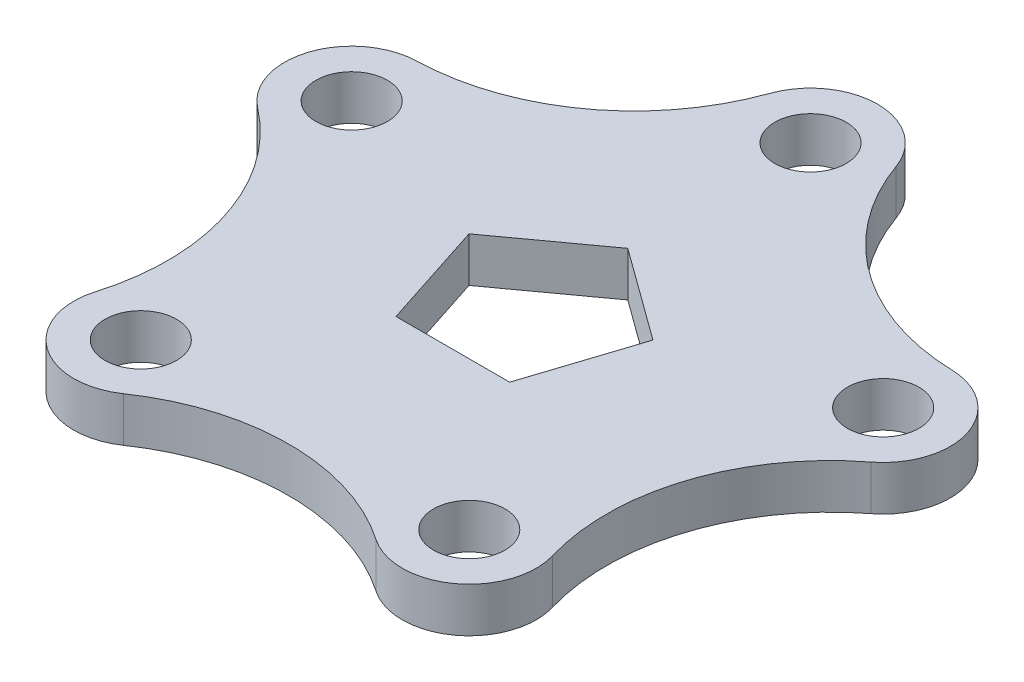
ISO-10303-21;
HEADER;
FILE_DESCRIPTION(('STEP AP214'),'2;1');
FILE_NAME('part.step','',(''),(''),'','','');
FILE_SCHEMA(('AUTOMOTIVE_DESIGN { 1 0 10303 214 1 1 1 1 }'));
ENDSEC;
DATA;
#1=APPLICATION_CONTEXT('core data for automotive mechanical design processes');
#2=APPLICATION_PROTOCOL_DEFINITION('international standard','automotive_design',2000,#1);
#3=PRODUCT_CONTEXT('',#1,'mechanical');
#4=PRODUCT('Part','Part','',(#3));
#5=PRODUCT_RELATED_PRODUCT_CATEGORY('part','',(#4));
#6=PRODUCT_DEFINITION_FORMATION('','',#4);
#7=PRODUCT_DEFINITION_CONTEXT('part definition',#1,'design');
#8=PRODUCT_DEFINITION('design','',#6,#7);
#9=PRODUCT_DEFINITION_SHAPE('','',#8);
#10=(LENGTH_UNIT() NAMED_UNIT(*) SI_UNIT(.MILLI.,.METRE.));
#11=(NAMED_UNIT(*) PLANE_ANGLE_UNIT() SI_UNIT($,.RADIAN.));
#12=(NAMED_UNIT(*) SI_UNIT($,.STERADIAN.) SOLID_ANGLE_UNIT());
#13=UNCERTAINTY_MEASURE_WITH_UNIT(LENGTH_MEASURE(1.E-05),#10,'distance_accuracy_value','');
#14=(GEOMETRIC_REPRESENTATION_CONTEXT(3) GLOBAL_UNCERTAINTY_ASSIGNED_CONTEXT((#13)) GLOBAL_UNIT_ASSIGNED_CONTEXT((#10,
#11,#12)) REPRESENTATION_CONTEXT('',''));
#15=CARTESIAN_POINT('',(0.,0.,0.));
#16=DIRECTION('',(0.,0.,1.));
#17=DIRECTION('',(1.,0.,0.));
#18=AXIS2_PLACEMENT_3D('',#15,#16,#17);
#19=CARTESIAN_POINT('',(10.2862419151183,10.,-14.1577974015616));
#20=DIRECTION('',(-0.587785252292472,0.,0.809016994374948));
#21=DIRECTION('',(0.809016994374948,0.,0.587785252292472));
#22=AXIS2_PLACEMENT_3D('',#19,#20,#21);
#23=PLANE('',#22);
#24=DIRECTION('',(-0.809016994374948,0.,-0.587785252292472));
#25=VECTOR('',#24,1.);
#26=CARTESIAN_POINT('',(10.2862419151183,0.,-14.1577974015616));
#27=LINE('',#26,#25);
#28=CARTESIAN_POINT('',(20.5724838302366,0.,-6.68440519687687));
#29=VERTEX_POINT('',#28);
#30=CARTESIAN_POINT('',(0.,0.,-21.6311896062463));
#31=VERTEX_POINT('',#30);
#32=EDGE_CURVE('E229',#29,#31,#27,.T.);
#33=ORIENTED_EDGE('',*,*,#32,.F.);
#34=DIRECTION('',(0.,-1.,0.));
#35=VECTOR('',#34,1.);
#36=CARTESIAN_POINT('',(20.5724838302366,10.,-6.68440519687687));
#37=LINE('',#36,#35);
#38=CARTESIAN_POINT('',(20.5724838302366,10.,-6.68440519687687));
#39=VERTEX_POINT('',#38);
#40=EDGE_CURVE('E11',#39,#29,#37,.T.);
#41=ORIENTED_EDGE('',*,*,#40,.F.);
#42=DIRECTION('',(-0.809016994374948,0.,-0.587785252292472));
#43=VECTOR('',#42,1.);
#44=CARTESIAN_POINT('',(10.2862419151183,10.,-14.1577974015616));
#45=LINE('',#44,#43);
#46=CARTESIAN_POINT('',(0.,10.,-21.6311896062463));
#47=VERTEX_POINT('',#46);
#48=EDGE_CURVE('E330',#39,#47,#45,.T.);
#49=ORIENTED_EDGE('',*,*,#48,.T.);
#50=DIRECTION('',(0.,-1.,0.));
#51=VECTOR('',#50,1.);
#52=CARTESIAN_POINT('',(0.,10.,-21.6311896062463));
#53=LINE('',#52,#51);
#54=EDGE_CURVE('E62',#47,#31,#53,.T.);
#55=ORIENTED_EDGE('',*,*,#54,.T.);
#56=EDGE_LOOP('',(#33,#41,#49,#55));
#57=FACE_BOUND('',#56,.T.);
#58=ADVANCED_FACE('F43',(#57),#23,.T.);
#59=CARTESIAN_POINT('',(16.6434890351652,10.,5.40779740156156));
#60=DIRECTION('',(-0.951056516295154,0.,-0.309016994374947));
#61=DIRECTION('',(-0.309016994374947,0.,0.951056516295154));
#62=AXIS2_PLACEMENT_3D('',#59,#60,#61);
#63=PLANE('',#62);
#64=DIRECTION('',(0.309016994374947,0.,-0.951056516295154));
#65=VECTOR('',#64,1.);
#66=CARTESIAN_POINT('',(16.6434890351652,0.,5.40779740156156));
#67=LINE('',#66,#65);
#68=CARTESIAN_POINT('',(12.7144942400938,0.,17.5));
#69=VERTEX_POINT('',#68);
#70=EDGE_CURVE('E231',#69,#29,#67,.T.);
#71=ORIENTED_EDGE('',*,*,#70,.F.);
#72=DIRECTION('',(0.,-1.,0.));
#73=VECTOR('',#72,1.);
#74=CARTESIAN_POINT('',(12.7144942400938,10.,17.5));
#75=LINE('',#74,#73);
#76=CARTESIAN_POINT('',(12.7144942400938,10.,17.5));
#77=VERTEX_POINT('',#76);
#78=EDGE_CURVE('E53',#77,#69,#75,.T.);
#79=ORIENTED_EDGE('',*,*,#78,.F.);
#80=DIRECTION('',(0.309016994374947,0.,-0.951056516295154));
#81=VECTOR('',#80,1.);
#82=CARTESIAN_POINT('',(16.6434890351652,10.,5.40779740156156));
#83=LINE('',#82,#81);
#84=EDGE_CURVE('E175',#77,#39,#83,.T.);
#85=ORIENTED_EDGE('',*,*,#84,.T.);
#86=ORIENTED_EDGE('',*,*,#40,.T.);
#87=EDGE_LOOP('',(#71,#79,#85,#86));
#88=FACE_BOUND('',#87,.T.);
#89=ADVANCED_FACE('F333',(#88),#63,.T.);
#90=CARTESIAN_POINT('',(0.,10.,17.5));
#91=DIRECTION('',(0.,0.,-1.));
#92=DIRECTION('',(-1.,0.,0.));
#93=AXIS2_PLACEMENT_3D('',#90,#91,#92);
#94=PLANE('',#93);
#95=DIRECTION('',(1.,0.,0.));
#96=VECTOR('',#95,1.);
#97=CARTESIAN_POINT('',(0.,0.,17.5));
#98=LINE('',#97,#96);
#99=CARTESIAN_POINT('',(-12.7144942400938,0.,17.5));
#100=VERTEX_POINT('',#99);
#101=EDGE_CURVE('E162',#100,#69,#98,.T.);
#102=ORIENTED_EDGE('',*,*,#101,.F.);
#103=DIRECTION('',(0.,-1.,0.));
#104=VECTOR('',#103,1.);
#105=CARTESIAN_POINT('',(-12.7144942400938,10.,17.5));
#106=LINE('',#105,#104);
#107=CARTESIAN_POINT('',(-12.7144942400938,10.,17.5));
#108=VERTEX_POINT('',#107);
#109=EDGE_CURVE('E157',#108,#100,#106,.T.);
#110=ORIENTED_EDGE('',*,*,#109,.F.);
#111=DIRECTION('',(1.,0.,0.));
#112=VECTOR('',#111,1.);
#113=CARTESIAN_POINT('',(0.,10.,17.5));
#114=LINE('',#113,#112);
#115=EDGE_CURVE('E160',#108,#77,#114,.T.);
#116=ORIENTED_EDGE('',*,*,#115,.T.);
#117=ORIENTED_EDGE('',*,*,#78,.T.);
#118=EDGE_LOOP('',(#102,#110,#116,#117));
#119=FACE_BOUND('',#118,.T.);
#120=ADVANCED_FACE('F159',(#119),#94,.T.);
#121=CARTESIAN_POINT('',(-16.6434890351652,10.,5.4077974015616));
#122=DIRECTION('',(0.951056516295153,0.,-0.309016994374948));
#123=DIRECTION('',(-0.309016994374948,0.,-0.951056516295153));
#124=AXIS2_PLACEMENT_3D('',#121,#122,#123);
#125=PLANE('',#124);
#126=DIRECTION('',(0.309016994374948,0.,0.951056516295153));
#127=VECTOR('',#126,1.);
#128=CARTESIAN_POINT('',(-16.6434890351652,0.,5.4077974015616));
#129=LINE('',#128,#127);
#130=CARTESIAN_POINT('',(-20.5724838302366,0.,-6.68440519687681));
#131=VERTEX_POINT('',#130);
#132=EDGE_CURVE('E235',#131,#100,#129,.T.);
#133=ORIENTED_EDGE('',*,*,#132,.F.);
#134=DIRECTION('',(0.,-1.,0.));
#135=VECTOR('',#134,1.);
#136=CARTESIAN_POINT('',(-20.5724838302366,10.,-6.68440519687681));
#137=LINE('',#136,#135);
#138=CARTESIAN_POINT('',(-20.5724838302366,10.,-6.68440519687681));
#139=VERTEX_POINT('',#138);
#140=EDGE_CURVE('E108',#139,#131,#137,.T.);
#141=ORIENTED_EDGE('',*,*,#140,.F.);
#142=DIRECTION('',(0.309016994374948,0.,0.951056516295153));
#143=VECTOR('',#142,1.);
#144=CARTESIAN_POINT('',(-16.6434890351652,10.,5.4077974015616));
#145=LINE('',#144,#143);
#146=EDGE_CURVE('E173',#139,#108,#145,.T.);
#147=ORIENTED_EDGE('',*,*,#146,.T.);
#148=ORIENTED_EDGE('',*,*,#109,.T.);
#149=EDGE_LOOP('',(#133,#141,#147,#148));
#150=FACE_BOUND('',#149,.T.);
#151=ADVANCED_FACE('F177',(#150),#125,.T.);
#152=CARTESIAN_POINT('',(61.2393120472352,10.,-84.2886819239109));
#153=DIRECTION('',(0.,-1.,0.));
#154=DIRECTION('',(0.,0.,-1.));
#155=AXIS2_PLACEMENT_3D('',#152,#153,#154);
#156=CYLINDRICAL_SURFACE('',#155,50.);
#157=CARTESIAN_POINT('',(61.2393120472352,0.,-84.2886819239109));
#158=DIRECTION('',(0.,1.,0.));
#159=DIRECTION('',(0.,0.,1.));
#160=AXIS2_PLACEMENT_3D('',#157,#158,#159);
#161=CIRCLE('',#160,50.);
#162=CARTESIAN_POINT('',(14.1321489339773,0.,-67.5281573670564));
#163=VERTEX_POINT('',#162);
#164=CARTESIAN_POINT('',(59.8560199097073,0.,-34.3078205581616));
#165=VERTEX_POINT('',#164);
#166=EDGE_CURVE('E199',#163,#165,#161,.T.);
#167=ORIENTED_EDGE('',*,*,#166,.F.);
#168=DIRECTION('',(0.,-1.,0.));
#169=VECTOR('',#168,1.);
#170=CARTESIAN_POINT('',(14.1321489339773,10.,-67.5281573670564));
#171=LINE('',#170,#169);
#172=CARTESIAN_POINT('',(14.1321489339773,10.,-67.5281573670564));
#173=VERTEX_POINT('',#172);
#174=EDGE_CURVE('E47',#173,#163,#171,.T.);
#175=ORIENTED_EDGE('',*,*,#174,.F.);
#176=CARTESIAN_POINT('',(61.2393120472352,10.,-84.2886819239109));
#177=DIRECTION('',(0.,1.,0.));
#178=DIRECTION('',(0.,0.,1.));
#179=AXIS2_PLACEMENT_3D('',#176,#177,#178);
#180=CIRCLE('',#179,50.);
#181=CARTESIAN_POINT('',(59.8560199097073,10.,-34.3078205581616));
#182=VERTEX_POINT('',#181);
#183=EDGE_CURVE('E280',#173,#182,#180,.T.);
#184=ORIENTED_EDGE('',*,*,#183,.T.);
#185=DIRECTION('',(0.,-1.,0.));
#186=VECTOR('',#185,1.);
#187=CARTESIAN_POINT('',(59.8560199097073,10.,-34.3078205581616));
#188=LINE('',#187,#186);
#189=EDGE_CURVE('E180',#182,#165,#188,.T.);
#190=ORIENTED_EDGE('',*,*,#189,.T.);
#191=EDGE_LOOP('',(#167,#175,#184,#190));
#192=FACE_BOUND('',#191,.T.);
#193=ADVANCED_FACE('F278',(#192),#156,.F.);
#194=CARTESIAN_POINT('',(0.,10.,-62.5));
#195=DIRECTION('',(0.,-1.,0.));
#196=DIRECTION('',(0.,0.,-1.));
#197=AXIS2_PLACEMENT_3D('',#194,#195,#196);
#198=CYLINDRICAL_SURFACE('',#197,15.);
#199=CARTESIAN_POINT('',(0.,0.,-62.5));
#200=DIRECTION('',(0.,1.,0.));
#201=DIRECTION('',(0.,0.,1.));
#202=AXIS2_PLACEMENT_3D('',#199,#200,#201);
#203=CIRCLE('',#202,15.);
#204=CARTESIAN_POINT('',(-14.1321489339778,0.,-67.5281573670552));
#205=VERTEX_POINT('',#204);
#206=EDGE_CURVE('E202',#163,#205,#203,.T.);
#207=ORIENTED_EDGE('',*,*,#206,.T.);
#208=DIRECTION('',(0.,-1.,0.));
#209=VECTOR('',#208,1.);
#210=CARTESIAN_POINT('',(-14.1321489339778,10.,-67.5281573670552));
#211=LINE('',#210,#209);
#212=CARTESIAN_POINT('',(-14.1321489339778,10.,-67.5281573670552));
#213=VERTEX_POINT('',#212);
#214=EDGE_CURVE('E264',#213,#205,#211,.T.);
#215=ORIENTED_EDGE('',*,*,#214,.F.);
#216=CARTESIAN_POINT('',(0.,10.,-62.5));
#217=DIRECTION('',(0.,1.,0.));
#218=DIRECTION('',(0.,0.,1.));
#219=AXIS2_PLACEMENT_3D('',#216,#217,#218);
#220=CIRCLE('',#219,15.);
#221=EDGE_CURVE('E272',#173,#213,#220,.T.);
#222=ORIENTED_EDGE('',*,*,#221,.F.);
#223=ORIENTED_EDGE('',*,*,#174,.T.);
#224=EDGE_LOOP('',(#207,#215,#222,#223));
#225=FACE_BOUND('',#224,.T.);
#226=ADVANCED_FACE('F271',(#225),#198,.T.);
#227=CARTESIAN_POINT('',(-61.239312047237,10.,-84.2886819239057));
#228=DIRECTION('',(0.,-1.,0.));
#229=DIRECTION('',(0.,0.,-1.));
#230=AXIS2_PLACEMENT_3D('',#227,#228,#229);
#231=CYLINDRICAL_SURFACE('',#230,50.);
#232=CARTESIAN_POINT('',(-61.239312047237,0.,-84.2886819239057));
#233=DIRECTION('',(0.,1.,0.));
#234=DIRECTION('',(0.,0.,1.));
#235=AXIS2_PLACEMENT_3D('',#232,#233,#234);
#236=CIRCLE('',#235,50.);
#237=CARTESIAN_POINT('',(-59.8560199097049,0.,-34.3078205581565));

* **Your assignment**
Only one part of the material above is to be transcribed, namely the lines starting with the line that has "#97=CARTESIAN_POINT('',(0.,0.,17.5));" and going on through the line that has "#108=VERTEX_POINT('',#107);", exactly as they stand.

* **The completed task**
#97=CARTESIAN_POINT('',(0.,0.,17.5));
#98=LINE('',#97,#96);
#99=CARTESIAN_POINT('',(-12.7144942400938,0.,17.5));
#100=VERTEX_POINT('',#99);
#101=EDGE_CURVE('E162',#100,#69,#98,.T.);
#102=ORIENTED_EDGE('',*,*,#101,.F.);
#103=DIRECTION('',(0.,-1.,0.));
#104=VECTOR('',#103,1.);
#105=CARTESIAN_POINT('',(-12.7144942400938,10.,17.5));
#106=LINE('',#105,#104);
#107=CARTESIAN_POINT('',(-12.7144942400938,10.,17.5));
#108=VERTEX_POINT('',#107);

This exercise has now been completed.